Every line from the start of the data through the line containing "(-609.6, 25.4), align=None)" should be retyped exactly; the pictures should not.
+---+
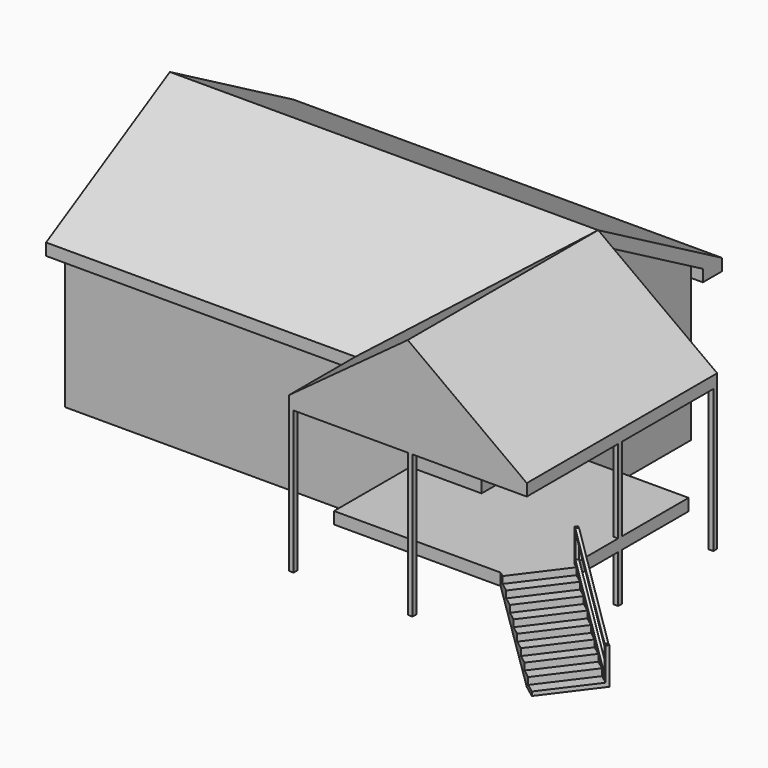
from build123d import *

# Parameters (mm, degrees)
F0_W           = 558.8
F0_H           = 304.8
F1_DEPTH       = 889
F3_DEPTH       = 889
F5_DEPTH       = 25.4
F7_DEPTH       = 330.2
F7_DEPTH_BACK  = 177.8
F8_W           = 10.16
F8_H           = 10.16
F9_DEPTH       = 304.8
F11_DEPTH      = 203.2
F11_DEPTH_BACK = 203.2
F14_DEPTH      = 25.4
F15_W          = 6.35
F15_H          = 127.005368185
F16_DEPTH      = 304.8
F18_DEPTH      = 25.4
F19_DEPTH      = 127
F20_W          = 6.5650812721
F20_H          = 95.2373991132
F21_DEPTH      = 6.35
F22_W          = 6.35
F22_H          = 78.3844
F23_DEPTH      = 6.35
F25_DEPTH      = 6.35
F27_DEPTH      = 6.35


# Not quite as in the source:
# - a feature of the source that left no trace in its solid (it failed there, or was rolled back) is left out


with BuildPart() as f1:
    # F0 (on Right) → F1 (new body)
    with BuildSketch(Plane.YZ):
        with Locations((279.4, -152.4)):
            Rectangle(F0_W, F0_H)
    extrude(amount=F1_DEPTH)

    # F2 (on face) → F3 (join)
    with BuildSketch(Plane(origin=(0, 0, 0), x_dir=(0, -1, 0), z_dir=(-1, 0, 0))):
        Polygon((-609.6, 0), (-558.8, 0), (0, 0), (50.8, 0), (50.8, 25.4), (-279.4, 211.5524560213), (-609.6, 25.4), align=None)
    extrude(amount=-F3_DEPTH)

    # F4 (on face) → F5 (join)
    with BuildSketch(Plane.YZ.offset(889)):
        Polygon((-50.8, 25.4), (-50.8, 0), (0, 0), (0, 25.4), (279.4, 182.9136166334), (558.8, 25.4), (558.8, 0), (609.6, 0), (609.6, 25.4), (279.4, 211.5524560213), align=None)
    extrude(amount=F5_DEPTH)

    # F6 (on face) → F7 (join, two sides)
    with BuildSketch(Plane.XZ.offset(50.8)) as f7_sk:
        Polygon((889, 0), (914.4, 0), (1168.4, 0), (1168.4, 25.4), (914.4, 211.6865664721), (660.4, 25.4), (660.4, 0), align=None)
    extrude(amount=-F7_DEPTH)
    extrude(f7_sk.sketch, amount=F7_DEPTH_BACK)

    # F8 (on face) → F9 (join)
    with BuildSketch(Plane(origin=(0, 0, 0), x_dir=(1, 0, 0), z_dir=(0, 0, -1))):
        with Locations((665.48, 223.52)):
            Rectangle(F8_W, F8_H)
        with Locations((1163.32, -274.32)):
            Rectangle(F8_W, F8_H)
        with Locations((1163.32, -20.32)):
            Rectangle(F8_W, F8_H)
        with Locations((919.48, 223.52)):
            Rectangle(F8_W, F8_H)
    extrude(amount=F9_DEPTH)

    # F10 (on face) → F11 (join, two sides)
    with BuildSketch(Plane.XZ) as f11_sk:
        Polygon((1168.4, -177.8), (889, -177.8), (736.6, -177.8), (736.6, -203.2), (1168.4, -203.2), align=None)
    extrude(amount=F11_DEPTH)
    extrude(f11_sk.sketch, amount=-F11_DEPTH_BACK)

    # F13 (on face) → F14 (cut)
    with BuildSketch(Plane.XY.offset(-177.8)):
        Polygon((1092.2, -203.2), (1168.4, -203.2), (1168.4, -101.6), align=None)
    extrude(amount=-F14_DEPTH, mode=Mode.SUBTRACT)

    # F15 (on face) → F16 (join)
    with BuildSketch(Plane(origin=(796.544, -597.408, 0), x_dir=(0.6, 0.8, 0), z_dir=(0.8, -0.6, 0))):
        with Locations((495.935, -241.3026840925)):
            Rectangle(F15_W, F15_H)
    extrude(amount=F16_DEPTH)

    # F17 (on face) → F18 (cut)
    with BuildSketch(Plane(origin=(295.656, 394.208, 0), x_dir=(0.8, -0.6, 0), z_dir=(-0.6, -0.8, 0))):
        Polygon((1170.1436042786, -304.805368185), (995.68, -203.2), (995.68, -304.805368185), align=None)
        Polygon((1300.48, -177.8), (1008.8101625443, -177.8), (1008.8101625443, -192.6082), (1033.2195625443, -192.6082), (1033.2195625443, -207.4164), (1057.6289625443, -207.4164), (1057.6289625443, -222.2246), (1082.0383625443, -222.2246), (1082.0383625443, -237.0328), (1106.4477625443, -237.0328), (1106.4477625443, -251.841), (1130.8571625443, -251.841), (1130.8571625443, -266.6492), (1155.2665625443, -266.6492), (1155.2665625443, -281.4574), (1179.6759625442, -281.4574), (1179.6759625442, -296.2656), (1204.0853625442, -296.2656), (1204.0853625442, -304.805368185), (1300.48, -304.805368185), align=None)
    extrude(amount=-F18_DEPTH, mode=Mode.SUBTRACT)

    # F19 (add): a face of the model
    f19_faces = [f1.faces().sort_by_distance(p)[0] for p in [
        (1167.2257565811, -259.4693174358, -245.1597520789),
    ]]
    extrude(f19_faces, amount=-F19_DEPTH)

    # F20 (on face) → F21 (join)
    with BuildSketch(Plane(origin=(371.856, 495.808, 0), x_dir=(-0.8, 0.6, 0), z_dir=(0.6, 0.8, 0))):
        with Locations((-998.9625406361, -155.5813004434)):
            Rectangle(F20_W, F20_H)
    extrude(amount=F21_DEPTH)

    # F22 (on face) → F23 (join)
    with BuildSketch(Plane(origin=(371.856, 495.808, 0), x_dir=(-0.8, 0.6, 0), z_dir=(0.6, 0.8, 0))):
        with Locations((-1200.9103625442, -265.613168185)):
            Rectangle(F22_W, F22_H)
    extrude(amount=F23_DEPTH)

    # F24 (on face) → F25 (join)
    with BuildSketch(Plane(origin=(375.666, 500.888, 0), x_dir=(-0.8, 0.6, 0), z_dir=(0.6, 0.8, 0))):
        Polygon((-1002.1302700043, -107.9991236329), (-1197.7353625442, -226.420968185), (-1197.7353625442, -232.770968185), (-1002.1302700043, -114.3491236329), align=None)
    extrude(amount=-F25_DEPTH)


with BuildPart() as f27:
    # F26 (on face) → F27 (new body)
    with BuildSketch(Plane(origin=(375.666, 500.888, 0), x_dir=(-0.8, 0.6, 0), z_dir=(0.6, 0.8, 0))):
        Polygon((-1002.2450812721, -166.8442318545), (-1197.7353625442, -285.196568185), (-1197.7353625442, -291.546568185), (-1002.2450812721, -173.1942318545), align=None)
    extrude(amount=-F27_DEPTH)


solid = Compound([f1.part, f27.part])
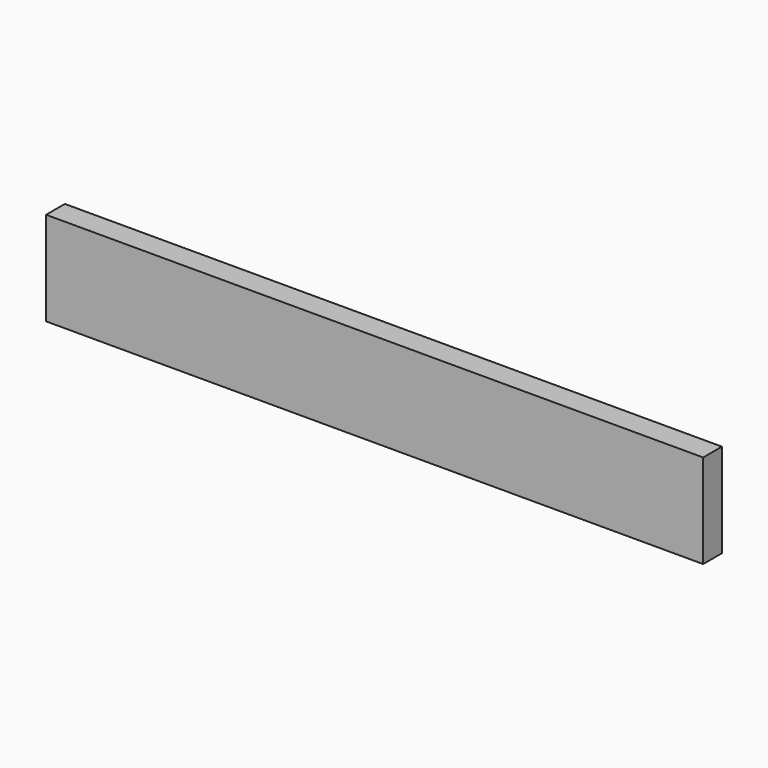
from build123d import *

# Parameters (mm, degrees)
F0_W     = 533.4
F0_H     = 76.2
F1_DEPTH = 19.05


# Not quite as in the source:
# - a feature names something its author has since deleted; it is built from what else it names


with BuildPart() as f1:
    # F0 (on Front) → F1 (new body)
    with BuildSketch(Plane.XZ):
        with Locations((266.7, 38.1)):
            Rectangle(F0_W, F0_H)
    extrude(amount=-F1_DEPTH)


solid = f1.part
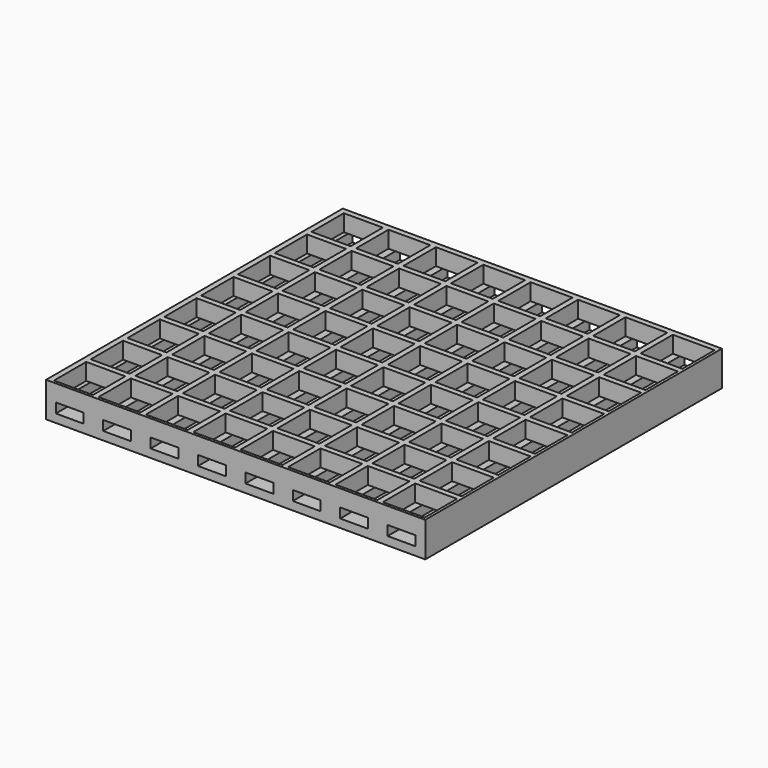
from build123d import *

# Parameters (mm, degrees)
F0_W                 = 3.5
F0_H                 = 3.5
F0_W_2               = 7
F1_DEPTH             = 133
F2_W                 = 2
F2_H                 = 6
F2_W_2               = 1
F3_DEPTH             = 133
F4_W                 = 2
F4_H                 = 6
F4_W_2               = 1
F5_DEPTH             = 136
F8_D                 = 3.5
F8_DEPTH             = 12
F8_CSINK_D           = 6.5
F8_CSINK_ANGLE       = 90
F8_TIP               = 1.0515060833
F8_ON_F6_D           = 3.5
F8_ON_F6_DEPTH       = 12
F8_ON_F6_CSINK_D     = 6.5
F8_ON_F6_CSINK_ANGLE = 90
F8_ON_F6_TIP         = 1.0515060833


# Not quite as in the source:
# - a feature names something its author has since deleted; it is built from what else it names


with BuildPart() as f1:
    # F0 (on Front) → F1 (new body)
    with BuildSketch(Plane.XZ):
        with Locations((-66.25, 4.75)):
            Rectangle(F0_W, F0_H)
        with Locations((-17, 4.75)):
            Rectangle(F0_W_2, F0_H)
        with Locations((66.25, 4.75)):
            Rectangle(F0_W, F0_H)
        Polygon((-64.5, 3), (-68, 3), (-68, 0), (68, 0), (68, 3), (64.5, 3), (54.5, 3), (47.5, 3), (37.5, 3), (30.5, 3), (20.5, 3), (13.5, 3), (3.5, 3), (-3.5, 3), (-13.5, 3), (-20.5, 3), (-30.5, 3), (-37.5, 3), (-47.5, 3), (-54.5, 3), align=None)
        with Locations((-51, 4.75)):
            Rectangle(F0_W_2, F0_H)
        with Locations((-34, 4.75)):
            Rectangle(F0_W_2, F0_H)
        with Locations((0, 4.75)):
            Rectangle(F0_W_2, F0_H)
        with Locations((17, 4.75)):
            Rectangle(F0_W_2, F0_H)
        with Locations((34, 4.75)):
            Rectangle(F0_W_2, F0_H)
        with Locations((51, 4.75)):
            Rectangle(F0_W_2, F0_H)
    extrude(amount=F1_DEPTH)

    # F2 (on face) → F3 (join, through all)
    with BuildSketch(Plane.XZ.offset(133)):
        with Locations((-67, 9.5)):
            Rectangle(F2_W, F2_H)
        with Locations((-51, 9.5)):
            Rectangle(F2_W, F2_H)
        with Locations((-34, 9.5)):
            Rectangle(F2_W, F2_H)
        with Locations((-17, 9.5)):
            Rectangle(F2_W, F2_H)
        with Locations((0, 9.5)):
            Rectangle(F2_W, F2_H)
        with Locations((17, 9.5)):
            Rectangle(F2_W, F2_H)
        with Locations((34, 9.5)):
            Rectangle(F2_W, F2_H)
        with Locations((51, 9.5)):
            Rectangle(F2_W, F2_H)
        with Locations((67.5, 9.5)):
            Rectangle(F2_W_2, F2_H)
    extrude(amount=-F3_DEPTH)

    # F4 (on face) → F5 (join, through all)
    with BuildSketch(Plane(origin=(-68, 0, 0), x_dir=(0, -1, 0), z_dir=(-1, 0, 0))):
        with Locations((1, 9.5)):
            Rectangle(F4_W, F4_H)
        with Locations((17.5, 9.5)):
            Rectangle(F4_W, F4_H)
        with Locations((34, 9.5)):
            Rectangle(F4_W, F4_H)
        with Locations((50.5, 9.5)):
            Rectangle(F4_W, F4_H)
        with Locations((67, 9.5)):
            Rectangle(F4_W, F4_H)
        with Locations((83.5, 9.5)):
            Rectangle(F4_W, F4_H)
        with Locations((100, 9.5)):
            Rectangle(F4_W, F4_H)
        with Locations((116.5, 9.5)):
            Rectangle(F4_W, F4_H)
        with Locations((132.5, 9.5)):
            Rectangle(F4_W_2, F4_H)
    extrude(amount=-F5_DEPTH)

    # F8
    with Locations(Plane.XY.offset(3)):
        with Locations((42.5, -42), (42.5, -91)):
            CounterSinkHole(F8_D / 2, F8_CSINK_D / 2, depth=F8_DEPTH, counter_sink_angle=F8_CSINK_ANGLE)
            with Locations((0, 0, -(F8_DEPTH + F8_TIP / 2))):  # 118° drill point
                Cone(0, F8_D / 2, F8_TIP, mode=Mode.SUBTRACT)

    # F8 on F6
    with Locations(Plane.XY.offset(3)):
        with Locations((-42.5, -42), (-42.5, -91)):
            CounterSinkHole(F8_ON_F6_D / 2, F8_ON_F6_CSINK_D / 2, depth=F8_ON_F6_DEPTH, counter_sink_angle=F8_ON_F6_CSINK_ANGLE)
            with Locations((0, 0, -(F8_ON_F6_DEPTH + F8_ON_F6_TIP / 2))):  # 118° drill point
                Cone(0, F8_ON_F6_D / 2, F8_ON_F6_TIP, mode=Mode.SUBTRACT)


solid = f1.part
+---+
WRITTEN RESPONSE:
from build123d import *

# Parameters (mm, degrees)
F0_W           = 558.8
F0_H           = 304.8
F1_DEPTH       = 889
F3_DEPTH       = 889
F5_DEPTH       = 25.4
F7_DEPTH       = 330.2
F7_DEPTH_BACK  = 177.8
F8_W           = 10.16
F8_H           = 10.16
F9_DEPTH       = 304.8
F11_DEPTH      = 203.2
F11_DEPTH_BACK = 203.2
F14_DEPTH      = 25.4
F15_W          = 6.35
F15_H          = 127.005368185
F16_DEPTH      = 304.8
F18_DEPTH      = 25.4
F19_DEPTH      = 127
F20_W          = 6.5650812721
F20_H          = 95.2373991132
F21_DEPTH      = 6.35
F22_W          = 6.35
F22_H          = 78.3844
F23_DEPTH      = 6.35
F25_DEPTH      = 6.35
F27_DEPTH      = 6.35


# Not quite as in the source:
# - a feature of the source that left no trace in its solid (it failed there, or was rolled back) is left out


with BuildPart() as f1:
    # F0 (on Right) → F1 (new body)
    with BuildSketch(Plane.YZ):
        with Locations((279.4, -152.4)):
            Rectangle(F0_W, F0_H)
    extrude(amount=F1_DEPTH)

    # F2 (on face) → F3 (join)
    with BuildSketch(Plane(origin=(0, 0, 0), x_dir=(0, -1, 0), z_dir=(-1, 0, 0))):
        Polygon((-609.6, 0), (-558.8, 0), (0, 0), (50.8, 0), (50.8, 25.4), (-279.4, 211.5524560213), (-609.6, 25.4), align=None)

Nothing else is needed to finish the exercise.